I am currently doing the following:
let line_parts = line.split_whitespace().take(3).collect::<Vec<&str>>();
let ip = line_parts[0];
let bytes = line_parts[1];
let int_number = line_parts[2];
Is it possible to do something like this?
let [ip, bytes, int_number] = line.split_whitespace().take(3).collect();
I'm noticed various references to vector destructuring on some sites but the official docs don't seem to mention it.

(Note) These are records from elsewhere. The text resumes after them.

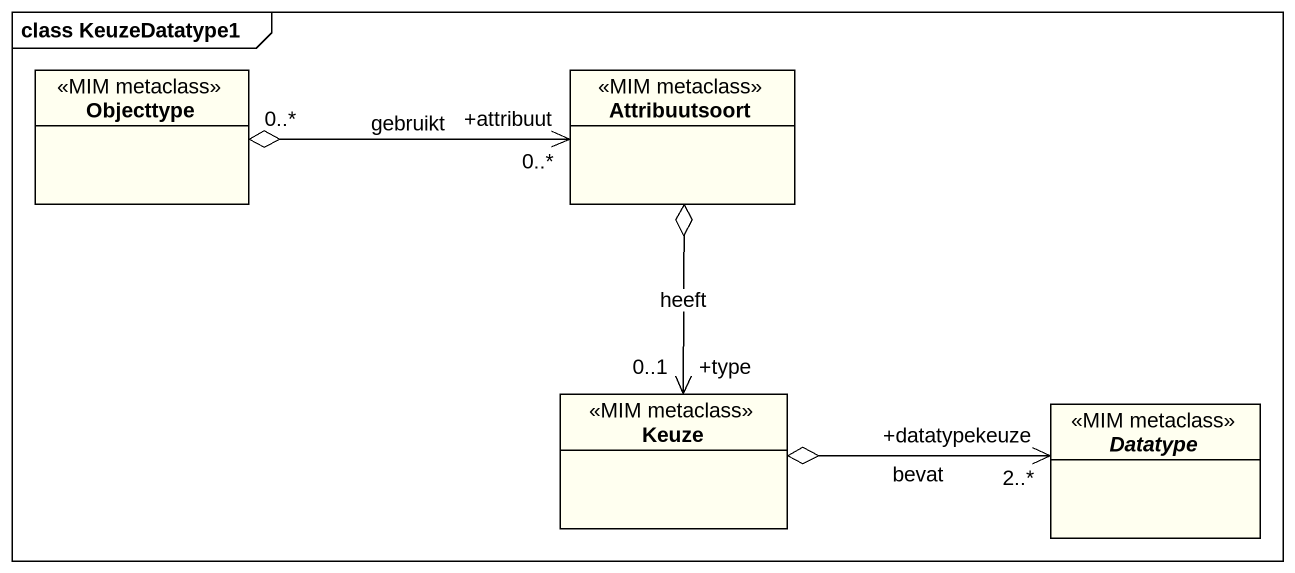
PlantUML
@startuml
mainframe class KeuzeDatatype1
hide circle
hide empty members
class Objecttype <<MIM metaclass>> #FFFFF0
class Attribuutsoort <<MIM metaclass>> #FFFFF0
class Keuze <<MIM metaclass>> #FFFFF0
abstract class Datatype <<MIM metaclass>> #FFFFF0
Attribuutsoort "+attribuut\n0..*" <-left-o "0..*" Objecttype : gebruikt
Attribuutsoort o--> "+type\n0..1" Keuze : heeft
Datatype "+datatypekeuze\n2..*" <-left-o Keuze : bevat
@enduml

It seems what you need is "slice patterns":
fn main() {
let line = "127.0.0.1 1000 what!?";
let v = line.split_whitespace().take(3).collect::<Vec<&str>>();
if let [ip, port, msg] = &v[..] {
println!("{}:{} says '{}'", ip, port, msg);
}
}
Playground link
Note the if let instead of plain let. Slice patterns are refutable, so we need to take this into account (you may want to have an else branch, too).
You can also use this:
use std::convert::TryFrom;
let v = line.split_whitespace().take(3).collect::<Vec<&str>>();
let [ip, bytes, int_number] = <[&str; 3]>::try_from(v).ok().unwrap();
The return type of <[&str; 3]>::try_from(v) will be the Result type which you can use for error handling or allow it to panic as I did, since we already know that the size is 3.